REQUIREMENT – Print everything in the records exactly. Leave the pictures out.

::: THE DATA

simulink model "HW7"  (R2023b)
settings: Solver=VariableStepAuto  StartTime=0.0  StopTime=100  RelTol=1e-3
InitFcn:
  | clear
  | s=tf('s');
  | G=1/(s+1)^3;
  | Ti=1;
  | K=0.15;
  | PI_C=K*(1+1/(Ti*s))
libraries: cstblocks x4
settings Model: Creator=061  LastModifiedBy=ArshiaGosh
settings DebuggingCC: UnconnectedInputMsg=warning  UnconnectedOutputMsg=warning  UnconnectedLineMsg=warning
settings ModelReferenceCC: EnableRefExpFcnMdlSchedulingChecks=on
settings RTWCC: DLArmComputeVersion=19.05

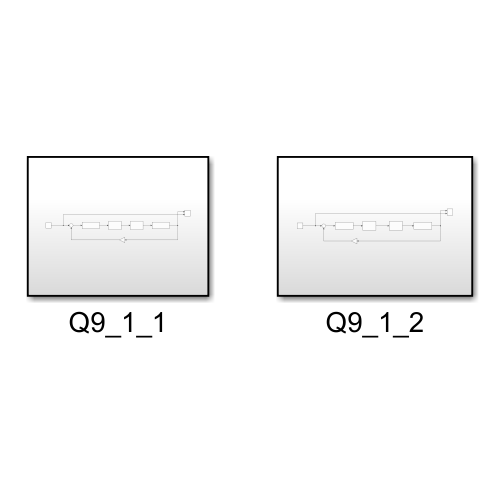
[thumbnail: Simulink's stored preview of the top-level diagram]
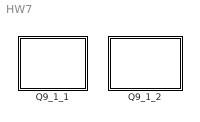
== system HW7 ==
  Q9_1_1 : Subsystem
  Q9_1_2 : Subsystem

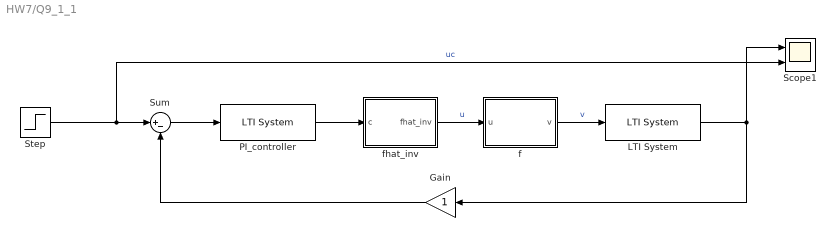
== system HW7/Q9_1_1 ==
  Gain : Gain
  LTI System : cstblocks/LTI System  sys=G  IC=[]  PadeOrder=0
  PI_controller : cstblocks/LTI System  sys=PI_C  IC=[]  PadeOrder=0
  Scope1 : Scope  NumInputPorts=2
  Step : Step  Time=0  After=1.1  SampleTime=0
  Sum : Sum  Inputs=|+-
  f : MATLAB Function  TreatAsAtomicUnit=on
  fhat_inv : MATLAB Function  TreatAsAtomicUnit=on
  wires:
  fhat_inv/1(fhat_inv) -> f/1(u)  "u"
  LTI System/1 -> Scope1/1, Gain/1
  PI_controller/1 -> fhat_inv/1(c)
  Step/1 -> Scope1/2, Sum/1  "uc"
  Gain/1 -> Sum/2
  Sum/1 -> PI_controller/1
  f/1(v) -> LTI System/1  "v"

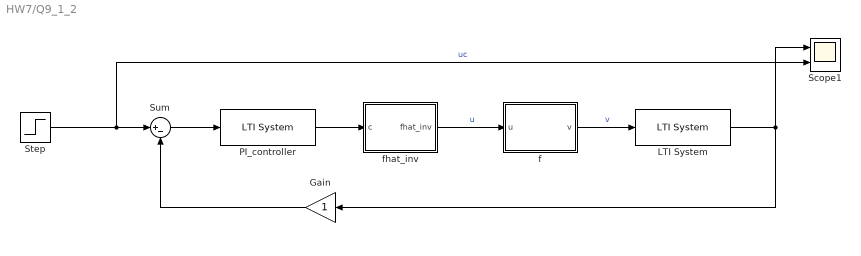
== system HW7/Q9_1_2 ==
  Gain : Gain
  LTI System : cstblocks/LTI System  sys=G  IC=[]  PadeOrder=0
  PI_controller : cstblocks/LTI System  sys=PI_C  IC=[]  PadeOrder=0
  Scope1 : Scope  NumInputPorts=2
  Step : Step  Time=0  After=1.1  SampleTime=0
  Sum : Sum  Inputs=|+-
  f : MATLAB Function  TreatAsAtomicUnit=on
  fhat_inv : MATLAB Function  TreatAsAtomicUnit=on
  wires:
  f/1(v) -> LTI System/1  "v"
  Sum/1 -> PI_controller/1
  Gain/1 -> Sum/2
  Step/1 -> Scope1/2, Sum/1  "uc"
  PI_controller/1 -> fhat_inv/1(c)
  LTI System/1 -> Scope1/1, Gain/1
  fhat_inv/1(fhat_inv) -> f/1(u)  "u"

== matlab function HW7/Q9_1_1/fhat_inv ==
  data: c input; fhat_inv output
function fhat_inv = fcn(c)
if c>=0 && c<=3
fhat_inv=0.433*c;
elseif c>=3 && c<=16
fhat_inv=0.0538*c+1.139;
else
  fhat_inv=0;
end

== matlab function HW7/Q9_1_2/f ==
  data: u input; v output
function v = fcn(u)
v=u^4;

== matlab function HW7/Q9_1_2/fhat_inv ==
  data: c input; fhat_inv output
function fhat_inv = fcn(c)
if c>=0 && c<2
fhat_inv=0.55*c;
elseif c>=2 && c<3.5
fhat_inv=0.2*c+.7;
elseif c>=3.5 && c<5.5
  fhat_inv=0.15*c+0.87;
else
    fhat_inv=0.0286*c+1.5571;
end

== matlab function HW7/Q9_1_1/f ==
  data: u input; v output
function v = fcn(u)
v=u^4;

::::::

ANSWER –
simulink model "HW7"  (R2023b)
settings: Solver=VariableStepAuto  StartTime=0.0  StopTime=100  RelTol=1e-3
InitFcn:
  | clear
  | s=tf('s');
  | G=1/(s+1)^3;
  | Ti=1;
  | K=0.15;
  | PI_C=K*(1+1/(Ti*s))
libraries: cstblocks x4
settings Model: Creator=061  LastModifiedBy=ArshiaGosh
settings DebuggingCC: UnconnectedInputMsg=warning  UnconnectedOutputMsg=warning  UnconnectedLineMsg=warning
settings ModelReferenceCC: EnableRefExpFcnMdlSchedulingChecks=on
settings RTWCC: DLArmComputeVersion=19.05

[thumbnail: Simulink's stored preview of the top-level diagram]
== system HW7 ==
  Q9_1_1 : Subsystem
  Q9_1_2 : Subsystem

== system HW7/Q9_1_1 ==
  Gain : Gain
  LTI System : cstblocks/LTI System  sys=G  IC=[]  PadeOrder=0
  PI_controller : cstblocks/LTI System  sys=PI_C  IC=[]  PadeOrder=0
  Scope1 : Scope  NumInputPorts=2
  Step : Step  Time=0  After=1.1  SampleTime=0
  Sum : Sum  Inputs=|+-
  f : MATLAB Function  TreatAsAtomicUnit=on
  fhat_inv : MATLAB Function  TreatAsAtomicUnit=on
  wires:
  fhat_inv/1(fhat_inv) -> f/1(u)  "u"
  LTI System/1 -> Scope1/1, Gain/1
  PI_controller/1 -> fhat_inv/1(c)
  Step/1 -> Scope1/2, Sum/1  "uc"
  Gain/1 -> Sum/2
  Sum/1 -> PI_controller/1
  f/1(v) -> LTI System/1  "v"

== system HW7/Q9_1_2 ==
  Gain : Gain
  LTI System : cstblocks/LTI System  sys=G  IC=[]  PadeOrder=0
  PI_controller : cstblocks/LTI System  sys=PI_C  IC=[]  PadeOrder=0
  Scope1 : Scope  NumInputPorts=2
  Step : Step  Time=0  After=1.1  SampleTime=0
  Sum : Sum  Inputs=|+-
  f : MATLAB Function  TreatAsAtomicUnit=on
  fhat_inv : MATLAB Function  TreatAsAtomicUnit=on
  wires:
  f/1(v) -> LTI System/1  "v"
  Sum/1 -> PI_controller/1
  Gain/1 -> Sum/2
  Step/1 -> Scope1/2, Sum/1  "uc"
  PI_controller/1 -> fhat_inv/1(c)
  LTI System/1 -> Scope1/1, Gain/1
  fhat_inv/1(fhat_inv) -> f/1(u)  "u"

== matlab function HW7/Q9_1_1/fhat_inv ==
  data: c input; fhat_inv output
function fhat_inv = fcn(c)
if c>=0 && c<=3
fhat_inv=0.433*c;
elseif c>=3 && c<=16
fhat_inv=0.0538*c+1.139;
else
  fhat_inv=0;
end

== matlab function HW7/Q9_1_2/f ==
  data: u input; v output
function v = fcn(u)
v=u^4;

== matlab function HW7/Q9_1_2/fhat_inv ==
  data: c input; fhat_inv output
function fhat_inv = fcn(c)
if c>=0 && c<2
fhat_inv=0.55*c;
elseif c>=2 && c<3.5
fhat_inv=0.2*c+.7;
elseif c>=3.5 && c<5.5
  fhat_inv=0.15*c+0.87;
else
    fhat_inv=0.0286*c+1.5571;
end

== matlab function HW7/Q9_1_1/f ==
  data: u input; v output
function v = fcn(u)
v=u^4;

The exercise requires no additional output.